ただ、自分の幼少期を振り返ってみると、いわゆるヤンチャというか、問題児タイプだったので、たくさんの先生とか大人にはだいぶご厄介になっていて、先生や大人が導いてくれた記憶があります。それも理由としてはあると思いますが、明確にスイッチが入った出来事は正直覚えていないんです。
ただ大学に進学し、学びの過程で、自分が目指す姿が教員なのか否か? 自分でもだんだんわからなくなってきたんです。
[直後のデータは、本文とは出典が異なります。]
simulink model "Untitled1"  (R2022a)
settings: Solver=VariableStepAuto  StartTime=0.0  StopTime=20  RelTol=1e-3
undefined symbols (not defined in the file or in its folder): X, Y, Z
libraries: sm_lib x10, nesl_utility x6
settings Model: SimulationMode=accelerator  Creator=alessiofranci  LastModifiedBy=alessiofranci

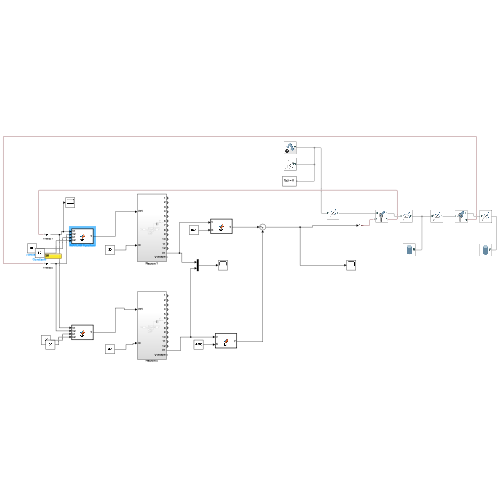
[thumbnail: Simulink's stored preview of the top-level diagram]
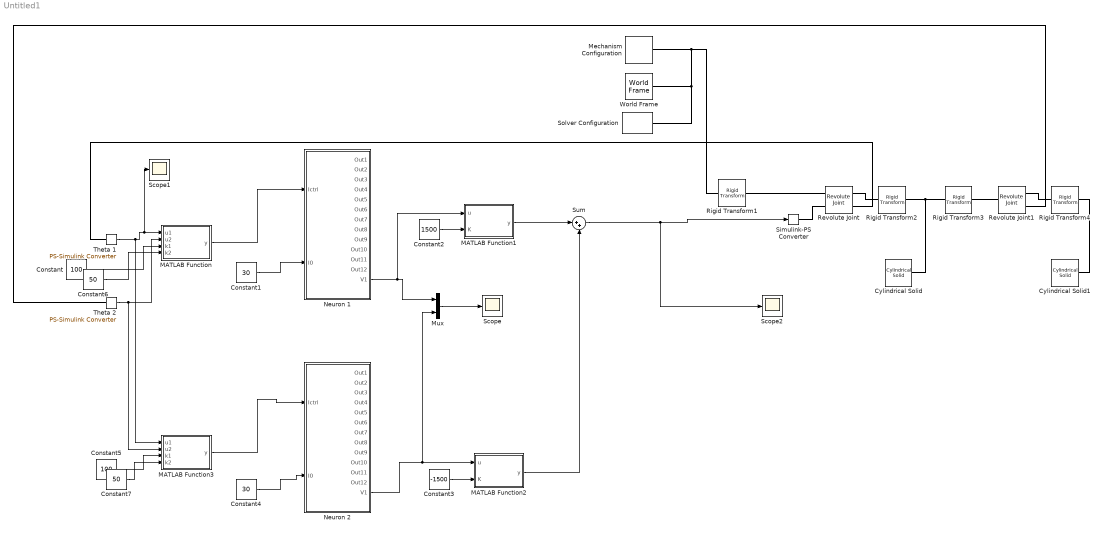
== system Untitled1 ==
  Constant : Constant  Value=100
  Constant1 : Constant  Value=30
  Constant2 : Constant  Value=1500
  Constant3 : Constant  Value=-1500
  Constant4 : Constant  Value=30
  Constant5 : Constant  Value=100
  Constant6 : Constant  Value=50
  Constant7 : Constant  Value=50
  Cylindrical Solid : sm_lib/Body Elements/Cylindrical Solid  GraphicAmbientColor=[0.15 0.15 0.15 1.0]  BasedOnType=Density  CenterOfMass=[0 0 0]  CenterOfMassUnits=m  GraphicDiffuseColor=[0.5 0.5 0.5]  CylinderLength=0.5  CylinderLengthUnits=m  CylinderRadius=0.05  CylinderRadiusUnits=m  Density=1000  DensityUnits=kg/m^3  DoExposeReferenceFrame=on  GraphicEmissiveColor=[0.0 0.0 0.0 1.0]  ExportEntireGeometry=off  SerializedFrames=<Frames/>  MarkerShape=Sphere  MarkerSize=10  GraphicType=FromGeometry  InertiaType=CalculateFromGeometry  Mass=1  MassUnits=kg  MomentsOfInertia=[1 1 1]  MomentsOfInertiaUnits=kg*m^2  GraphicOpacity=1.0  ProductsOfInertia=[0 0 0]  ProductsOfInertiaUnits=kg*m^2  GraphicShininess=75  GraphicSpecularColor=[0.5 0.5 0.5 1.0]  GraphicVisPropType=SimpleVisualProperties
  Cylindrical Solid1 : sm_lib/Body Elements/Cylindrical Solid  GraphicAmbientColor=[0.15 0.15 0.15 1.0]  BasedOnType=Density  CenterOfMass=[0 0 0]  CenterOfMassUnits=m  GraphicDiffuseColor=[0.5 0.5 0.5]  CylinderLength=0.5  CylinderLengthUnits=m  CylinderRadius=0.05  CylinderRadiusUnits=m  Density=1000  DensityUnits=kg/m^3  DoExposeReferenceFrame=on  GraphicEmissiveColor=[0.0 0.0 0.0 1.0]  ExportEntireGeometry=off  SerializedFrames=<Frames/>  MarkerShape=Sphere  MarkerSize=10  GraphicType=FromGeometry  InertiaType=CalculateFromGeometry  Mass=1  MassUnits=kg  MomentsOfInertia=[1 1 1]  MomentsOfInertiaUnits=kg*m^2  GraphicOpacity=1.0  ProductsOfInertia=[0 0 0]  ProductsOfInertiaUnits=kg*m^2  GraphicShininess=75  GraphicSpecularColor=[0.5 0.5 0.5 1.0]  GraphicVisPropType=SimpleVisualProperties
  MATLAB Function : MATLAB Function  TreatAsAtomicUnit=on
  MATLAB Function1 : MATLAB Function  TreatAsAtomicUnit=on
  MATLAB Function2 : MATLAB Function  TreatAsAtomicUnit=on
  MATLAB Function3 : MATLAB Function  TreatAsAtomicUnit=on
  Mechanism Configuration : sm_lib/Utilities/Mechanism Configuration  UniformGravity=Constant  GravityVector=[0 0 -9.80665]  GravityUnits=m/s^2  LinearizationDelta=0.001  JointModeTransitionNonlinearIterations=2
  Mux : Mux  Inputs=2
  Neuron 1 : Subsystem
  Neuron 2 : Subsystem
  Revolute Joint : sm_lib/Joints/Revolute Joint  JointMode=Normal  SenseConstraintForce=off  SenseConstraintForceX=off  SenseConstraintForceY=off  SenseConstraintForceZ=off  SenseConstraintTorque=off  SenseConstraintTorqueX=off  SenseConstraintTorqueY=off  SenseConstraintTorqueZ=off  SenseTotalForce=off  SenseTotalForceX=off  SenseTotalForceY=off  SenseTotalForceZ=off  SenseTotalTorque=off  SenseTotalTorqueX=off  SenseTotalTorqueY=off  SenseTotalTorqueZ=off  CompositeWrenchDir=FollowerOnBase  CompositeWrenchFrame=BaseFrame  EquilibriumPosition=0  EquilibriumPositionUnits=deg  SpringStiffness=0.0  SpringStiffnessUnits=N*m/deg  DampingCoefficient=0.0  DampingCoefficientUnits=N*m/(deg/s)  TorqueActuationMode=InputTorque  MotionActuationMode=ComputedMotion  SensePosition=on  SenseVelocity=off  SenseAcceleration=off  SenseTorqueForce=off  SenseLowerLimitTorqueForce=off  SenseUpperLimitTorqueForce=off  LowerLimitSpecify=off  LowerLimitBound=-90  LowerLimitBoundUnits=deg  LowerLimitStiffness=1e4  LowerLimitStiffnessUnits=N*m/deg  LowerLimitDamping=10  LowerLimitDampingUnits=N*m/(deg/s)  LowerLimitTransitionRegionWidth=0.1  LowerLimitTransitionRegionWidthUnits=deg  UpperLimitSpecify=off  UpperLimitBound=90  UpperLimitBoundUnits=deg  UpperLimitStiffness=1e4  UpperLimitStiffnessUnits=N*m/deg  UpperLimitDamping=10  UpperLimitDampingUnits=N*m/(deg/s)  UpperLimitTransitionRegionWidth=0.1  UpperLimitTransitionRegionWidthUnits=deg  PositionTargetSpecify=on  PositionTargetPriority=High  PositionTargetValue=20  PositionTargetValueUnits=deg  VelocityTargetSpecify=off  VelocityTargetPriority=High  VelocityTargetValue=0  VelocityTargetValueUnits=deg/s
  Revolute Joint1 : sm_lib/Joints/Revolute Joint  JointMode=Normal  SenseConstraintForce=off  SenseConstraintForceX=off  SenseConstraintForceY=off  SenseConstraintForceZ=off  SenseConstraintTorque=off  SenseConstraintTorqueX=off  SenseConstraintTorqueY=off  SenseConstraintTorqueZ=off  SenseTotalForce=off  SenseTotalForceX=off  SenseTotalForceY=off  SenseTotalForceZ=off  SenseTotalTorque=off  SenseTotalTorqueX=off  SenseTotalTorqueY=off  SenseTotalTorqueZ=off  CompositeWrenchDir=FollowerOnBase  CompositeWrenchFrame=BaseFrame  EquilibriumPosition=0  EquilibriumPositionUnits=deg  SpringStiffness=0.0  SpringStiffnessUnits=N*m/deg  DampingCoefficient=0.0  DampingCoefficientUnits=N*m/(deg/s)  TorqueActuationMode=NoTorque  MotionActuationMode=ComputedMotion  SensePosition=on  SenseVelocity=off  SenseAcceleration=off  SenseTorqueForce=off  SenseLowerLimitTorqueForce=off  SenseUpperLimitTorqueForce=off  LowerLimitSpecify=off  LowerLimitBound=-90  LowerLimitBoundUnits=deg  LowerLimitStiffness=1e4  LowerLimitStiffnessUnits=N*m/deg  LowerLimitDamping=10  LowerLimitDampingUnits=N*m/(deg/s)  LowerLimitTransitionRegionWidth=0.1  LowerLimitTransitionRegionWidthUnits=deg  UpperLimitSpecify=off  UpperLimitBound=90  UpperLimitBoundUnits=deg  UpperLimitStiffness=1e4  UpperLimitStiffnessUnits=N*m/deg  UpperLimitDamping=10  UpperLimitDampingUnits=N*m/(deg/s)  UpperLimitTransitionRegionWidth=0.1  UpperLimitTransitionRegionWidthUnits=deg  PositionTargetSpecify=on  PositionTargetPriority=High  PositionTargetValue=-20  PositionTargetValueUnits=deg  VelocityTargetSpecify=off  VelocityTargetPriority=High  VelocityTargetValue=0  VelocityTargetValueUnits=deg/s
  Rigid Transform1 : sm_lib/Frames and Transforms/Rigid Transform  TranslationMethod=None  TranslationStandardOffset=0.25  TranslationLengthUnit=m  TranslationStandardAxis=+X  TranslationCartesianOffset=[0 0 0]  TranslationROffset=0  TranslationROffsetUnits=m  TranslationZOffset=0  TranslationZOffsetUnits=m  TranslationThetaOffset=0  TranslationThetaOffsetUnits=deg  RotationMethod=RotationSequence  RotationAngleUnits=deg  RotationStandardAxis=+Y  RotationAngle=90  RotationArbitraryAxis=[0 0 1]  FollAlignAxisA=+X  BaseAlignAxisA=+Y  FollAlignAxisB=+Y  BaseAlignAxisB=+Z  RotationSequenceAxes=FollowerAxes  RotationSequence=XYX  RotationSequenceAngles=[0 90 90]  RotationSequenceAnglesUnits=deg  RotationMatrix=[1 0 0; 0 1 0; 0 0 1]
  Rigid Transform2 : sm_lib/Frames and Transforms/Rigid Transform  TranslationMethod=StandardAxis  TranslationStandardOffset=.25  TranslationLengthUnit=m  TranslationStandardAxis=+X  TranslationCartesianOffset=[0 0 0]  TranslationROffset=0  TranslationROffsetUnits=m  TranslationZOffset=0  TranslationZOffsetUnits=m  TranslationThetaOffset=0  TranslationThetaOffsetUnits=deg  RotationMethod=RotationSequence  RotationAngleUnits=deg  RotationStandardAxis=+Z  RotationAngle=90  RotationArbitraryAxis=[0 0 1]  FollAlignAxisA=+X  BaseAlignAxisA=+Y  FollAlignAxisB=+Y  BaseAlignAxisB=+Z  RotationSequenceAxes=FollowerAxes  RotationSequence=XYX  RotationSequenceAngles=[0 90 0]  RotationSequenceAnglesUnits=deg  RotationMatrix=[1 0 0; 0 1 0; 0 0 1]
  Rigid Transform3 : sm_lib/Frames and Transforms/Rigid Transform  TranslationMethod=StandardAxis  TranslationStandardOffset=.25  TranslationLengthUnit=m  TranslationStandardAxis=+Z  TranslationCartesianOffset=[0 0 0]  TranslationROffset=0  TranslationROffsetUnits=m  TranslationZOffset=0  TranslationZOffsetUnits=m  TranslationThetaOffset=0  TranslationThetaOffsetUnits=deg  RotationMethod=RotationSequence  RotationAngleUnits=deg  RotationStandardAxis=+Z  RotationAngle=90  RotationArbitraryAxis=[0 0 1]  FollAlignAxisA=+X  BaseAlignAxisA=+Y  FollAlignAxisB=+Y  BaseAlignAxisB=+Z  RotationSequenceAxes=FollowerAxes  RotationSequence=XYX  RotationSequenceAngles=[0 -90 0]  RotationSequenceAnglesUnits=deg  RotationMatrix=[1 0 0; 0 1 0; 0 0 1]
  Rigid Transform4 : sm_lib/Frames and Transforms/Rigid Transform  TranslationMethod=StandardAxis  TranslationStandardOffset=.25  TranslationLengthUnit=m  TranslationStandardAxis=+X  TranslationCartesianOffset=[0 0 0]  TranslationROffset=0  TranslationROffsetUnits=m  TranslationZOffset=0  TranslationZOffsetUnits=m  TranslationThetaOffset=0  TranslationThetaOffsetUnits=deg  RotationMethod=RotationSequence  RotationAngleUnits=deg  RotationStandardAxis=+Z  RotationAngle=90  RotationArbitraryAxis=[0 0 1]  FollAlignAxisA=+X  BaseAlignAxisA=+Y  FollAlignAxisB=+Y  BaseAlignAxisB=+Z  RotationSequenceAxes=FollowerAxes  RotationSequence=XYZ  RotationSequenceAngles=[0 90 0]  RotationSequenceAnglesUnits=deg  RotationMatrix=[1 0 0; 0 1 0; 0 0 1]
  Scope : Scope
  Scope1 : Scope
  Scope2 : Scope
  Simulink-PS Converter : nesl_utility/Simulink-PS Converter  PhysicalDomain=network_engine_domain  SubClassName=ps_input  LeftPortType=input  RightPortType=output  PseudoPeriodic=off  Frequencies=[]  NoiseDistribution=none  NoiseParameters=[]  Unit=1  AffineConversion=off  FilteringAndDerivatives=provide  SimscapeFilterOrder=1  InputFilterTimeConstant=0.001  UdotUserProvided=0
      settings: SourceProductBaseCode=SS,PW,VE
  Solver Configuration : nesl_utility/Solver Configuration  PhysicalDomain=network_engine_domain  SubClassName=solver  LeftPortType=input  RightPortType=generic  Tones=[]  Harmonics=[]  SimulateNoise=off  Profile=off  UseLocalSampling=off  EnableSwitchedLinearOptims=on  FrequencyDomain=off  UseCCode=off  RelTol=0.001  AbsTol=1e-06  MinStep=1e-09  ToWorkspace=off  RevertToSquareIcSolve=off  NumHomotopyIterations=100  PhasorMode=off  PhasorModeNumHarmonics=1  IndexReductionMethod=DerivativeReplacement  DoDC=off  ResidualTolerance=1e-09  UseLocalSolver=off  LocalSolverChoice=NE_BACKWARD_EULER_ADVANCER  LocalSolverSampleTime=0.001  DoFixedCost=off  MaxNonlinIter=3  MaxModeIter=2  ComputeImpulses=off  ImpulseIterations=2  LinearAlgebra=auto  LinearAlgebraNumThread=0  EquationFormulation=NE_TIME_EF  DelaysMemoryBudget=1024  AutomaticFiltering=on  FilteringTimeConstant=0.001  PartitionStorageMethod=AS_NEEDED  PartitionMemoryBudget=1024  PartitionMethod=ROBUST
      settings: SourceProductBaseCode=SS,PW,VE
  Sum : Sum  Inputs=|++
  Theta 1 : nesl_utility/PS-Simulink Converter  PhysicalDomain=network_engine_domain  SubClassName=ps_output  LeftPortType=input  RightPortType=output  PseudoPeriodic=off  Frequencies=[]  VectorFormat=inherit  Unit=inherit  AffineConversion=off
      settings: SourceProductBaseCode=SS,PW,VE
  Theta 2 : nesl_utility/PS-Simulink Converter  PhysicalDomain=network_engine_domain  SubClassName=ps_output  LeftPortType=input  RightPortType=output  PseudoPeriodic=off  Frequencies=[]  VectorFormat=inherit  Unit=inherit  AffineConversion=off
      settings: SourceProductBaseCode=SS,PW,VE
  World Frame : sm_lib/Frames and Transforms/World Frame
  wires:
  Mux/1 -> Scope/1
  Neuron 1/13(V1) -> MATLAB Function1/1(u), Mux/1
  Theta 1/1 -> MATLAB Function3/1(u1), Scope1/1, MATLAB Function/1(u1)
  MATLAB Function/1(y) -> Neuron 1/1(Ictrl)
  Constant1/1 -> Neuron 1/2(I0)
  Constant2/1 -> MATLAB Function1/2(K)
  MATLAB Function1/1(y) -> Sum/1
  Sum/1 -> Scope2/1, Simulink-PS Converter/1
  Neuron 2/13(V1) -> Mux/2, MATLAB Function2/1(u)
  MATLAB Function2/1(y) -> Sum/2
  Constant3/1 -> MATLAB Function2/2(K)
  Constant4/1 -> Neuron 2/2(I0)
  MATLAB Function3/1(y) -> Neuron 2/1(Ictrl)
  Theta 2/1 -> MATLAB Function/2(u2), MATLAB Function3/2(u2)
  Constant6/1 -> MATLAB Function/4(k2)
  Constant5/1 -> MATLAB Function3/3(k1)
  Constant7/1 -> MATLAB Function3/4(k2)
  Constant/1 -> MATLAB Function/3(k1)
  connections:
  Cylindrical Solid/RConn1 -- Rigid Transform2/RConn1 -- Rigid Transform3/LConn1
  Mechanism Configuration/RConn1 -- Solver Configuration/RConn1 -- World Frame/RConn1 -- Rigid Transform1/LConn1
  Revolute Joint1/RConn1 -- Rigid Transform4/LConn1
  Rigid Transform2/LConn1 -- Revolute Joint/RConn1
  Revolute Joint1/LConn1 -- Rigid Transform3/RConn1
  Rigid Transform4/RConn1 -- Cylindrical Solid1/RConn1
  Rigid Transform1/RConn1 -- Revolute Joint/LConn1
  Simulink-PS Converter/RConn1 -- Revolute Joint/LConn2
  Revolute Joint/RConn2 -- Theta 1/LConn1
  Revolute Joint1/RConn2 -- Theta 2/LConn1

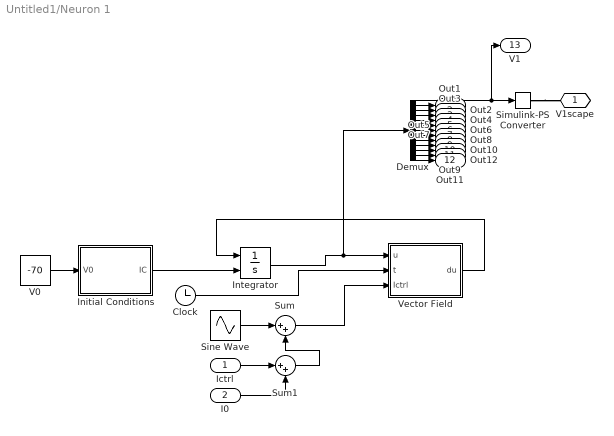
== system Untitled1/Neuron 1 ==
  Ictrl : Inport
  I0 : Inport  Port=2
  Clock : Clock
  Demux : Demux  Outputs=13
  Initial Conditions : MATLAB Function  TreatAsAtomicUnit=on
  Integrator : Integrator  InitialConditionSource=external  InitialCondition=[-70,]
  Simulink-PS Converter : nesl_utility/Simulink-PS Converter  PhysicalDomain=network_engine_domain  SubClassName=ps_input  LeftPortType=input  RightPortType=output  PseudoPeriodic=off  Frequencies=[]  NoiseDistribution=none  NoiseParameters=[]  Unit=1  AffineConversion=off  FilteringAndDerivatives=provide  SimscapeFilterOrder=1  InputFilterTimeConstant=0.001  UdotUserProvided=0
      settings: SourceProductBaseCode=SS,PW,VE
  Sine Wave : Sin  Amplitude=0  Frequency=0.002  SampleTime=0
  Sum : Sum  Inputs=|++
  Sum1 : Sum  Inputs=|++
  V0 : Constant  Value=-70
  Vector Field : MATLAB Function  TreatAsAtomicUnit=on
  V1scape : PMIOPort  Side=Right
  Out1 : Outport
  Out2 : Outport  Port=2
  Out3 : Outport  Port=3
  Out4 : Outport  Port=4
  Out5 : Outport  Port=5
  Out6 : Outport  Port=6
  Out7 : Outport  Port=7
  Out8 : Outport  Port=8
  Out9 : Outport  Port=9
  Out10 : Outport  Port=10
  Out11 : Outport  Port=11
  Out12 : Outport  Port=12
  V1 : Outport  Port=13
  wires:
  Demux/13 -> Out12/1
  Demux/2 -> Out1/1
  Demux/3 -> Out2/1
  Demux/5 -> Out4/1
  Demux/9 -> Out8/1
  Demux/11 -> Out10/1
  Demux/8 -> Out7/1
  V0/1 -> Initial Conditions/1(V0)
  Demux/1 -> V1/1, Simulink-PS Converter/1
  Sum/1 -> Vector Field/3(Ictrl)
  Demux/10 -> Out9/1
  Clock/1 -> Vector Field/2(t)
  Demux/6 -> Out5/1
  Demux/4 -> Out3/1
  Initial Conditions/1(IC) -> Integrator/2
  Integrator/1 -> Demux/1, Vector Field/1(u)
  Demux/7 -> Out6/1
  Vector Field/1(du) -> Integrator/1
  Demux/12 -> Out11/1
  Sine Wave/1 -> Sum/1
  Sum1/1 -> Sum/2
  Ictrl/1 -> Sum1/1
  I0/1 -> Sum1/2
  connections:
  Simulink-PS Converter/RConn1 -- V1scape/RConn1

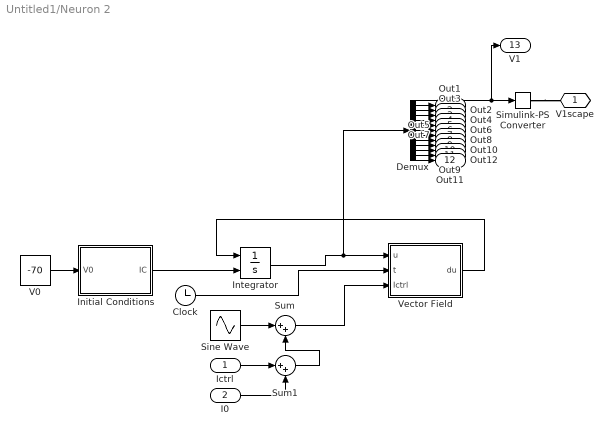
== system Untitled1/Neuron 2 ==
  Ictrl : Inport
  I0 : Inport  Port=2
  Clock : Clock
  Demux : Demux  Outputs=13
  Initial Conditions : MATLAB Function  TreatAsAtomicUnit=on
  Integrator : Integrator  InitialConditionSource=external  InitialCondition=[-70,]
  Simulink-PS Converter : nesl_utility/Simulink-PS Converter  PhysicalDomain=network_engine_domain  SubClassName=ps_input  LeftPortType=input  RightPortType=output  PseudoPeriodic=off  Frequencies=[]  NoiseDistribution=none  NoiseParameters=[]  Unit=1  AffineConversion=off  FilteringAndDerivatives=provide  SimscapeFilterOrder=1  InputFilterTimeConstant=0.001  UdotUserProvided=0
      settings: SourceProductBaseCode=SS,PW,VE
  Sine Wave : Sin  Amplitude=0  Frequency=0.002  SampleTime=0
  Sum : Sum  Inputs=|++
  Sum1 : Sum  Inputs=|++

教師か、教育か、この2択への疑問が深まった大学3年の時、自分がやりたいのは教員じゃなくて教育だっていうことがはっきりして、活動を徐々に本格化させ、今のビジョンに到達した感じです。
編集部|
久保寺さんが描く「教育」を実践するための最初の切り口となる活動とは、どんなシーンだったんですか?
久保寺|
アプローチしたのは、数学教育。数学教育全般、また大学受験とかに関連した書籍を執筆したり、YouTubeで配信したりしました。それはそれで楽しかったんですけど、物足りないなあと感じ始め、一般社団法人に入って、キャリア教育の分野にも関わるようになり、やっと自分がやりたかった「教育」のイメージにしっくりくる活動の姿が見えてきたかなっていうところですね。
編集部|
前田さんはいかがですか?
前田|
今、久保寺くんの話を聞いていて、私も似たような経験がありました。「教員」になりたいのか? それとも「教育」をやりたいのか…?
私は小学校の卒業時、中学受験をしたんです。中学受験をやる子なんて圧倒的に少ないような地域だったので、スーパーマイナー派だったんです。その結果、私ひとりが新しい環境の中学に入学し、パッと新しい世界に飛び込むことになったんです。
ただ、多くの同級生が地元の公立中学校に進学しました。私の出身小学校はすごく小さかったんで、同級生たちは進学した中学でのヒエラルキーで下層とされ、いじめにあったり、鬱っぽくなったり、悩んだりしていました。
一方私は、新しい世界でだちもいっぱいできて、楽しい日々を送っていたんです。まさに真逆の状況にある同級生たちになんて言ったらいいかわからなくなっていました。この体験から、どんな状況にあっても周囲の人にさりげない言葉を返せるような人間になりたいなって思うようになりました。